TASK TO CARRY OUT: Leave every picture out and give back the lines below from the first through the line that holds "doc.units = 0", exactly as written.

DATA FOR THE TASK:
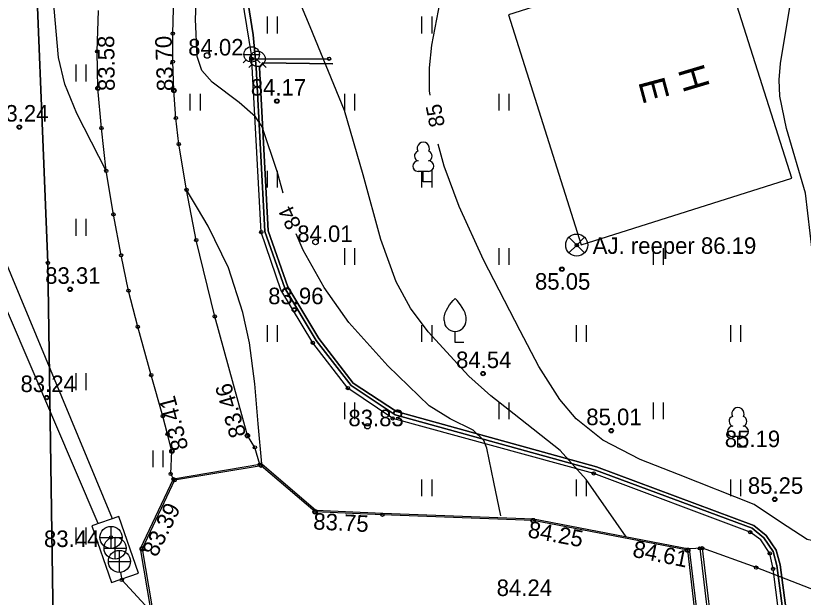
# Model space of a CAD drawing. Extents: x 635520 to 641285, y 6458433 to 6466834.
# Drawn here: x 637558.4 to 637594.1, y 6462603.02 to 6462629.4 of the extents above; entities that cross this region are included whole.
import ezdxf

# ---------------------------------------------------------------- set-up
doc = ezdxf.new("R2010")
doc.units = 0
for name, color, linetype in [('ALUSVORK', 7, 'Continuous'), ('Default', 7, 'Continuous'), ('HALJASTUS', 7, 'Continuous'), ('HOONE', 7, 'Continuous'), ('HORISONTAAL-EH2000', 7, 'Continuous'), ('KKAEV', 7, 'Continuous'), ('KORGUS-EH2000', 7, 'Continuous'), ('KTRASS', 7, 'Continuous'), ('MOOTMPUNKT', 7, 'Continuous'), ('MPKAABEL', 7, 'Continuous'), ('PUU', 7, 'Continuous'), ('SKTRASS', 7, 'Continuous'), ('TEE', 7, 'Continuous'), ('VKAEV', 7, 'Continuous'), ('VTRASS', 7, 'Continuous')]:
    doc.layers.add(name, color=color, linetype=linetype)

# ---------------------------------------------------------------- blocks, each defined once
blk = doc.blocks.new('LEHTP1')
at = {"layer": 'Default'}
for p, q in [((48, 95), (-48, 95)), ((0, 0), (0, 95)), ((76, 0), (0, 0))]:
    blk.add_line(p, q, dxfattribs=at)
for centre, radius, start, end in [((0, 304), 55.4, 332.5799, 207.4201), ((-34, 234.5), 46.5, 109.02174, 253.14154), ((34, 234.5), 46.5, 286.85082, 70.98591), ((-47.5, 142.5), 47.5, 90.0016, 269.3953), ((47.5, 142.5), 47.5, 270.6047, 89.9984)]:
    blk.add_arc(centre, radius, start, end, dxfattribs=at)
blk = doc.blocks.new('VILJA1')
at = {"layer": 'Default'}
for p, q in [((0, 0), (0, 100)), ((80, 0), (0, 0))]:
    blk.add_line(p, q, dxfattribs=at)
for points in [[(-100, 200), (-100, 230), (-98, 243), (-91, 269), (-79, 293), (-50, 340), (-18, 381), (0, 400)], [(100, 200), (100, 230), (98, 243), (91, 269), (79, 293), (50, 340), (18, 381), (0, 400)]]:
    blk.add_lwpolyline(points, dxfattribs=at)
blk.add_arc((0, 200), 100, 180, 0, dxfattribs=at)

msp = doc.modelspace()

# ---------------------------------------------------------------- linework, layer by layer
at = {"layer": 'ALUSVORK'}
for points in [[(637583.481, 6462618.641), (637583.835, 6462618.995), (637583.481, 6462619.349)], [(637584.189, 6462619.349), (637583.835, 6462618.995), (637584.189, 6462618.641)]]:
    msp.add_lwpolyline(points, dxfattribs=at)
msp.add_circle((637583.835, 6462618.995), 0.5, dxfattribs=at)
at = {"layer": 'HALJASTUS'}
for p, q in [((637569.804, 6462629.36), (637569.804, 6462628.599)), ((637570.26, 6462629.36), (637570.26, 6462628.599)), ((637576.804, 6462629.36), (637576.804, 6462628.599)), ((637577.26, 6462629.36), (637577.26, 6462628.599)), ((637561.125, 6462627.179), (637561.125, 6462626.418)), ((637561.58, 6462627.179), (637561.58, 6462626.418)), ((637566.304, 6462625.86), (637566.304, 6462625.099)), ((637566.76, 6462625.86), (637566.76, 6462625.099)), ((637573.304, 6462625.86), (637573.304, 6462625.099)), ((637573.76, 6462625.86), (637573.76, 6462625.099)), ((637580.304, 6462625.86), (637580.304, 6462625.099)), ((637580.76, 6462625.86), (637580.76, 6462625.099)), ((637569.804, 6462622.36), (637569.804, 6462621.599)), ((637570.26, 6462622.36), (637570.26, 6462621.599)), ((637576.804, 6462622.36), (637576.804, 6462621.599)), ((637577.26, 6462622.36), (637577.26, 6462621.599)), ((637561.125, 6462620.179), (637561.125, 6462619.418)), ((637561.58, 6462620.179), (637561.58, 6462619.418)), ((637573.304, 6462618.86), (637573.304, 6462618.099)), ((637573.76, 6462618.86), (637573.76, 6462618.099)), ((637580.304, 6462618.86), (637580.304, 6462618.099)), ((637580.76, 6462618.86), (637580.76, 6462618.099)), ((637587.304, 6462618.86), (637587.304, 6462618.099)), ((637587.76, 6462618.86), (637587.76, 6462618.099)), ((637569.804, 6462615.36), (637569.804, 6462614.599)), ((637570.26, 6462615.36), (637570.26, 6462614.599)), ((637576.804, 6462615.36), (637576.804, 6462614.599)), ((637577.26, 6462615.36), (637577.26, 6462614.599)), ((637583.804, 6462615.36), (637583.804, 6462614.599)), ((637584.26, 6462615.36), (637584.26, 6462614.599)), ((637590.804, 6462615.36), (637590.804, 6462614.599)), ((637591.26, 6462615.36), (637591.26, 6462614.599)), ((637561.125, 6462613.179), (637561.125, 6462612.418)), ((637561.58, 6462613.179), (637561.58, 6462612.418)), ((637573.304, 6462611.86), (637573.304, 6462611.099)), ((637573.76, 6462611.86), (637573.76, 6462611.099)), ((637580.304, 6462611.86), (637580.304, 6462611.099)), ((637580.76, 6462611.86), (637580.76, 6462611.099)), ((637587.304, 6462611.86), (637587.304, 6462611.099)), ((637587.76, 6462611.86), (637587.76, 6462611.099)), ((637564.625, 6462609.679), (637564.625, 6462608.918)), ((637565.08, 6462609.679), (637565.08, 6462608.918)), ((637576.804, 6462608.36), (637576.804, 6462607.599)), ((637577.26, 6462608.36), (637577.26, 6462607.599)), ((637583.804, 6462608.36), (637583.804, 6462607.599)), ((637584.26, 6462608.36), (637584.26, 6462607.599)), ((637590.804, 6462608.36), (637590.804, 6462607.599)), ((637591.26, 6462608.36), (637591.26, 6462607.599)), ((637561.125, 6462606.179), (637561.125, 6462605.418)), ((637561.58, 6462606.179), (637561.58, 6462605.418))]:
    msp.add_line(p, q, dxfattribs=at)
at = {"layer": 'HOONE'}
msp.add_lwpolyline([(637580.736, 6462629.434), (637584.041, 6462619.003), (637593.588, 6462622.028), (637590.282, 6462632.459), (637580.736, 6462629.434)], dxfattribs=at)
at = {"layer": 'HORISONTAAL-EH2000'}
for points in [[(637577.193, 6462625.79), (637577.164, 6462625.993), (637577.16, 6462627.027), (637577.265, 6462628.063), (637577.717, 6462630.435), (637578.62, 6462633.996), (637579.666, 6462637.553), (637580.769, 6462641.881), (637581.434, 6462643.983), (637581.867, 6462644.988), (637582.395, 6462645.95), (637584.115, 6462648.723), (637585.835, 6462651.496)], [(637562.504, 6462622.356), (637561.838, 6462623.66), (637561.172, 6462624.964), (637560.634, 6462626.287), (637560.337, 6462627.503), (637560.149, 6462629.725), (637560.232, 6462631.433), (637560.613, 6462633.995), (637561.172, 6462636.468), (637561.786, 6462638.77), (637562.456, 6462641.056), (637563.505, 6462644.003), (637564.061, 6462645.722)], [(637570.523, 6462621.352), (637570.264, 6462622.284), (637569.569, 6462624.364), (637569.281, 6462624.811), (637568.54, 6462625.469), (637567.307, 6462626.381), (637566.848, 6462626.908), (637566.624, 6462627.546), (637566.552, 6462629.24), (637566.624, 6462630.934), (637566.837, 6462634.075), (637567.039, 6462637.216), (637567.153, 6462639.168), (637567.267, 6462641.121)], [(637586.082, 6462605.754), (637585.171, 6462607.057), (637584.26, 6462608.36), (637583.091, 6462609.669), (637580.999, 6462611.326), (637579.937, 6462612.15), (637578.949, 6462613.054), (637577.105, 6462615.052), (637576.303, 6462616.135), (637575.657, 6462617.323), (637574.95, 6462619.241), (637574.147, 6462622.185), (637573.304, 6462625.099), (637571.759, 6462628.887), (637570.966, 6462630.781)], [(637598.417, 6462613.961), (637597.124, 6462614.804), (637595.83, 6462615.647), (637595.302, 6462616.123), (637594.976, 6462616.641), (637594.635, 6462617.719), (637594.201, 6462621.356), (637593.349, 6462624.287), (637593.049, 6462625.754), (637593.009, 6462626.489), (637593.073, 6462627.225), (637593.347, 6462628.872), (637593.622, 6462630.519)], [(637600.419, 6462605.435), (637597.788, 6462605.435), (637595.156, 6462605.435), (637594.276, 6462605.64), (637593.079, 6462606.425), (637591.887, 6462607.228), (637588.445, 6462608.586), (637586.705, 6462609.274), (637585.019, 6462610.144), (637583.805, 6462611.114), (637583.063, 6462611.992), (637582.123, 6462613.484), (637581.27, 6462615.11), (637579.616, 6462618.33), (637578.502, 6462620.749), (637577.83, 6462622.567), (637577.554, 6462623.577)], [(637569.554, 6462609.066), (637569.397, 6462610.882), (637569.241, 6462612.697), (637569, 6462614.558), (637568.703, 6462615.943), (637568.052, 6462617.959), (637567.129, 6462619.847), (637566.64, 6462620.673), (637566.151, 6462621.499)], [(637580.395, 6462606.718), (637580.082, 6462608.247), (637579.768, 6462609.776), (637579.625, 6462610.133), (637579.135, 6462610.6), (637578.104, 6462611.112), (637577.143, 6462611.698), (637575.272, 6462613.52), (637573.505, 6462615.475), (637572.383, 6462617.076), (637571.428, 6462618.769), (637571.123, 6462619.504)]]:
    msp.add_lwpolyline(points, dxfattribs=at)
at = {"layer": 'KKAEV'}
for p, q in [((637562.723, 6462605.233), (637562.723, 6462606.233)), ((637562.223, 6462605.733), (637563.223, 6462605.733)), ((637562.909, 6462604.747), (637562.909, 6462605.747)), ((637562.409, 6462605.247), (637563.409, 6462605.247)), ((637563.104, 6462604.146), (637563.104, 6462605.146)), ((637562.604, 6462604.646), (637563.604, 6462604.646))]:
    msp.add_line(p, q, dxfattribs=at)
for centre in [(637562.723, 6462605.733), (637562.909, 6462605.247), (637563.104, 6462604.646)]:
    msp.add_circle(centre, 0.5, dxfattribs=at)
at = {"layer": 'KORGUS-EH2000'}
for centre, radius in [((637567.081, 6462627.594), 0.125), ((637562.129, 6462626.109), 0.1), ((637565.575, 6462626.004), 0.1), ((637570.242, 6462625.524), 0.1), ((637558.568, 6462624.346), 0.1), ((637571.993, 6462619.135), 0.125), ((637583.161, 6462617.901), 0.1), ((637560.87, 6462616.988), 0.1), ((637571.035, 6462616.061), 0.1), ((637579.591, 6462613.164), 0.1), ((637559.81, 6462612.077), 0.1), ((637574.348, 6462610.777), 0.125), ((637585.401, 6462610.575), 0.1), ((637568.907, 6462610.35), 0.1), ((637565.485, 6462609.647), 0.1), ((637592.812, 6462607.461), 0.1), ((637571.978, 6462606.894), 0.1), ((637581.861, 6462606.496), 0.1), ((637564.142, 6462605.218), 0.1), ((637588.865, 6462605.152), 0.1)]:
    msp.add_circle(centre, radius, dxfattribs=at)
at = {"layer": 'KTRASS'}
for points in [[(637562.792, 6462606.582), (637547.921, 6462642.389)], [(637562.138, 6462606.358), (637546.984, 6462641.811)], [(637561.859, 6462606.262), (637562.743, 6462603.691), (637563.963, 6462604.11), (637563.079, 6462606.681), (637561.859, 6462606.262)], [(637563.16, 6462604.149), (637563.208, 6462603.804), (637569.865, 6462596.58)]]:
    msp.add_lwpolyline(points, dxfattribs=at)
at = {"layer": 'MOOTMPUNKT'}
for centre in [(637565.523, 6462628.591), (637562.102, 6462627.78), (637565.527, 6462627.314), (637569.109, 6462627.439), (637572.612, 6462627.447), (637562.129, 6462626.109), (637565.575, 6462626.004), (637570.242, 6462625.524), (637565.666, 6462624.758), (637558.568, 6462624.346), (637562.292, 6462624.298), (637565.796, 6462623.574), (637562.504, 6462622.356), (637566.151, 6462621.499), (637562.831, 6462620.387), (637569.532, 6462619.583), (637566.589, 6462619.22), (637583.835, 6462618.995), (637563.182, 6462618.529), (637559.863, 6462618.183), (637583.161, 6462617.901), (637560.87, 6462616.988), (637563.513, 6462616.926), (637571.035, 6462616.061), (637567.426, 6462615.759), (637563.938, 6462615.288), (637571.867, 6462614.56), (637564.549, 6462613.094), (637579.591, 6462613.164), (637573.46, 6462612.504), (637559.81, 6462612.077), (637565.07, 6462611.239), (637575.492, 6462611.131), (637585.401, 6462610.575), (637565.288, 6462610.42), (637568.907, 6462610.35), (637569.246, 6462609.819), (637565.485, 6462609.647), (637569.466, 6462609.04), (637569.53, 6462608.981), (637565.428, 6462608.613), (637565.557, 6462608.371), (637565.606, 6462608.325), (637584.607, 6462608.636), (637592.812, 6462607.461), (637571.978, 6462606.894), (637575.026, 6462606.758), (637581.861, 6462606.496), (637591.703, 6462605.968), (637562.723, 6462605.733), (637564.142, 6462605.218), (637588.865, 6462605.152), (637589.42, 6462605.238), (637589.517, 6462605.244), (637592.588, 6462605.004), (637591.966, 6462604.363), (637592.738, 6462604.308), (637563.208, 6462603.804)]:
    msp.add_circle(centre, 0.075, dxfattribs=at)
at = {"layer": 'MPKAABEL'}
for points in [[(637593.525, 6462599.772), (637592.909, 6462604.462), (637592.737, 6462605.099), (637592.315, 6462605.719), (637591.782, 6462606.149), (637584.682, 6462608.786), (637575.604, 6462611.299), (637573.604, 6462612.623), (637572.018, 6462614.664), (637570.608, 6462617.041), (637569.693, 6462619.603), (637569.302, 6462627.044), (637569.175, 6462628.532), (637568.191, 6462634.708), (637568.344, 6462637.824), (637569.111, 6462642.164), (637569.294, 6462643.024), (637569.196, 6462643.567), (637568.646, 6462644.437), (637564.97, 6462648.17), (637560.496, 6462660.114)], [(637560.496, 6462660.114), (637564.97, 6462648.17), (637568.646, 6462644.437), (637569.196, 6462643.567), (637569.294, 6462643.024), (637569.111, 6462642.164), (637568.344, 6462637.824), (637568.191, 6462634.708), (637569.175, 6462628.532), (637569.302, 6462627.044), (637569.693, 6462619.603), (637570.608, 6462617.041), (637572.018, 6462614.664), (637573.604, 6462612.623), (637575.604, 6462611.299), (637584.682, 6462608.786), (637591.782, 6462606.149), (637592.315, 6462605.719), (637592.737, 6462605.099), (637592.909, 6462604.462), (637593.525, 6462599.772)], [(637558.977, 6462591.434), (637559.233, 6462591.434), (637559.5, 6462591.586), (637559.923, 6462592.404), (637560.093, 6462602.898), (637559.863, 6462618.183), (637559.152, 6462635.77), (637558.501, 6462643.799), (637558.704, 6462646.711), (637559.582, 6462652.097), (637559.582, 6462655.243), (637559.395, 6462657.805)], [(637559.395, 6462657.805), (637559.582, 6462655.243), (637559.582, 6462652.097), (637558.704, 6462646.711), (637558.501, 6462643.799), (637559.152, 6462635.77), (637559.863, 6462618.183), (637560.093, 6462602.898), (637559.923, 6462592.404), (637559.5, 6462591.586), (637559.233, 6462591.434), (637558.977, 6462591.434)], [(637589.978, 6462591.319), (637590.617, 6462590.542), (637590.926, 6462590.366), (637591.196, 6462590.324), (637591.692, 6462590.381), (637592.106, 6462590.518), (637592.437, 6462591.185), (637592.658, 6462591.872), (637593.027, 6462594.628), (637593.547, 6462598.992), (637593.677, 6462599.77), (637593.056, 6462604.491), (637592.875, 6462605.162), (637592.427, 6462605.822), (637591.857, 6462606.281), (637584.728, 6462608.929), (637575.667, 6462611.438), (637573.707, 6462612.735), (637572.143, 6462614.749), (637570.744, 6462617.105), (637569.842, 6462619.633), (637569.452, 6462627.055), (637569.613, 6462627.267), (637572.773, 6462627.213)], [(637572.773, 6462627.213), (637569.613, 6462627.267), (637569.452, 6462627.055), (637569.842, 6462619.633), (637570.744, 6462617.105), (637572.143, 6462614.749), (637573.707, 6462612.735), (637575.667, 6462611.438), (637584.728, 6462608.929), (637591.857, 6462606.281), (637592.427, 6462605.822), (637592.875, 6462605.162), (637593.056, 6462604.491), (637593.677, 6462599.77), (637593.547, 6462598.992), (637593.027, 6462594.628), (637592.658, 6462591.872), (637592.437, 6462591.185), (637592.106, 6462590.518), (637591.692, 6462590.381), (637591.18, 6462590.322), (637590.625, 6462590.533), (637589.978, 6462591.319)]]:
    msp.add_lwpolyline(points, dxfattribs=at)
at = {"layer": 'SKTRASS'}
msp.add_lwpolyline([(637589.421, 6462605.238), (637590.011, 6462600.27), (637590.123, 6462600.283), (637589.533, 6462605.251), (637589.421, 6462605.238)], dxfattribs=at)
at = {"layer": 'TEE'}
for points in [[(637569.466, 6462609.04), (637569.246, 6462609.819), (637568.907, 6462610.35), (637567.426, 6462615.759), (637566.589, 6462619.22), (637566.151, 6462621.499), (637565.796, 6462623.574), (637565.666, 6462624.758), (637565.575, 6462626.004), (637565.527, 6462627.314), (637565.523, 6462628.591), (637565.591, 6462630.835)], [(637565.557, 6462608.371), (637565.428, 6462608.613), (637565.485, 6462609.647), (637565.288, 6462610.42), (637565.07, 6462611.239), (637564.549, 6462613.094), (637563.938, 6462615.288), (637563.513, 6462616.926), (637563.182, 6462618.529), (637562.831, 6462620.387), (637562.504, 6462622.356), (637562.292, 6462624.298), (637562.129, 6462626.109), (637562.102, 6462627.78), (637562.16, 6462629.637)], [(637589.533, 6462600.195), (637589.453, 6462600.187), (637588.865, 6462605.152), (637581.861, 6462606.496), (637575.026, 6462606.758), (637571.978, 6462606.894), (637569.53, 6462608.981), (637565.606, 6462608.325), (637564.142, 6462605.218), (637565.725, 6462595.859), (637567.771, 6462596.202), (637567.785, 6462596.123), (637565.659, 6462595.767), (637564.059, 6462605.229), (637565.551, 6462608.397), (637569.554, 6462609.066), (637572.009, 6462606.973), (637575.029, 6462606.838), (637581.87, 6462606.576), (637588.938, 6462605.22), (637589.533, 6462600.195)], [(637595.781, 6462602.884), (637591.966, 6462604.363), (637589.533, 6462605.251), (637588.938, 6462605.22)]]:
    msp.add_lwpolyline(points, dxfattribs=at)
at = {"layer": 'VKAEV'}
for p, q in [((637568.851, 6462627.395), (637568.711, 6462627.255)), ((637568.748, 6462627.642), (637569.448, 6462627.642)), ((637569.013, 6462627.44), (637569.713, 6462627.44)), ((637569.345, 6462627.395), (637569.485, 6462627.255)), ((637569.116, 6462627.193), (637568.976, 6462627.053)), ((637569.61, 6462627.193), (637569.75, 6462627.053))]:
    msp.add_line(p, q, dxfattribs=at)
for centre in [(637569.098, 6462627.642), (637569.363, 6462627.44)]:
    msp.add_circle(centre, 0.35, dxfattribs=at)
at = {"layer": 'VTRASS'}
for points in [[(637592.005, 6462598.145), (637592.288, 6462598.448), (637593.23, 6462599.108), (637593.325, 6462599.659), (637592.738, 6462604.308), (637592.588, 6462605.004), (637592.186, 6462605.617), (637591.703, 6462605.968), (637584.607, 6462608.636), (637575.492, 6462611.131), (637573.46, 6462612.504), (637571.867, 6462614.56), (637570.422, 6462616.969), (637569.532, 6462619.583), (637569.098, 6462627.642), (637567.948, 6462634.711), (637568.172, 6462638.145), (637568.945, 6462642.221), (637569.136, 6462643.023), (637569.033, 6462643.505), (637568.534, 6462644.323), (637564.746, 6462648.06), (637560.174, 6462660.008)], [(637569.109, 6462627.439), (637572.612, 6462627.447)]]:
    msp.add_lwpolyline(points, dxfattribs=at)

# ---------------------------------------------------------------- block references
at = {"layer": 'PUU'}
for name, p, xscale, yscale in [('LEHTP1', (637576.881, 6462621.863), 0.005008430245422357, 0.005008430245422357), ('VILJA1', (637578.324, 6462614.576), 0.005, 0.005), ('LEHTP1', (637591.145, 6462609.828), 0.005008430245422357, 0.005008430245422357)]:
    msp.add_blockref(name, p, dxfattribs=dict(at, xscale=xscale, yscale=yscale))

# ---------------------------------------------------------------- texts
at = {"layer": 'ALUSVORK'}
msp.add_text('AJ. reeper 86.19', height=0.75, dxfattribs=at).set_placement((637584.561, 6462618.595))
at = {"layer": 'HOONE'}
for s, rotation, p in [('H', 286.5565, (637588.408, 6462626.949)), ('E', 284.9962, (637586.616, 6462626.401))]:
    msp.add_text(s, height=1.2, rotation=rotation, dxfattribs=at).set_placement(p)
at = {"layer": 'HORISONTAAL-EH2000'}
for s, rotation, p in [('85', 100.9475, (637577.866, 6462624.42)), ('84', 115.4498, (637571.365, 6462619.906))]:
    msp.add_text(s, height=0.7, rotation=rotation, dxfattribs=at).set_placement(p)
at = {"layer": 'KORGUS-EH2000'}
for s, rotation, p in [('83.58', 90.6967, (637562.897, 6462625.989)), ('83.70', 92.1445, (637565.561, 6462625.99)), ('83.46', 106.5025, (637568.859, 6462610.385)), ('83.41', 104.6317, (637566.238, 6462609.784)), ('83.39', 63.9113, (637564.789, 6462604.8)), ('83.75', 357.2227, (637571.878, 6462606.097)), ('84.25', 349.3691, (637581.582, 6462605.747)), ('84.61', 348.5484, (637586.329, 6462604.862))]:
    msp.add_text(s, height=0.75, rotation=rotation, dxfattribs=at).set_placement(p)
for s, p in [('84.02', (637566.222, 6462627.594)), ('84.17', (637569.061, 6462625.774)), ('83.24', (637557.379, 6462624.596)), ('84.01', (637571.166, 6462619.135)), ('83.31', (637559.738, 6462617.238)), ('85.05', (637581.942, 6462616.972)), ('83.96', (637569.848, 6462616.311)), ('84.54', (637578.365, 6462613.414)), ('83.24', (637558.621, 6462612.327)), ('83.83', (637573.486, 6462610.777)), ('85.01', (637584.269, 6462610.825)), ('85.19', (637590.547, 6462609.828)), ('85.25', (637591.593, 6462607.711)), ('83.44', (637559.685, 6462605.298)), ('84.24', (637580.206, 6462603.075))]:
    msp.add_text(s, height=0.75, dxfattribs=at).set_placement(p)

doc.saveas('drawing.dxf')

YOUR SOLUTION:
# Model space of a CAD drawing. Extents: x 635520 to 641285, y 6458433 to 6466834.
# Drawn here: x 637558.4 to 637594.1, y 6462603.02 to 6462629.4 of the extents above; entities that cross this region are included whole.
import ezdxf

# ---------------------------------------------------------------- set-up
doc = ezdxf.new("R2010")
doc.units = 0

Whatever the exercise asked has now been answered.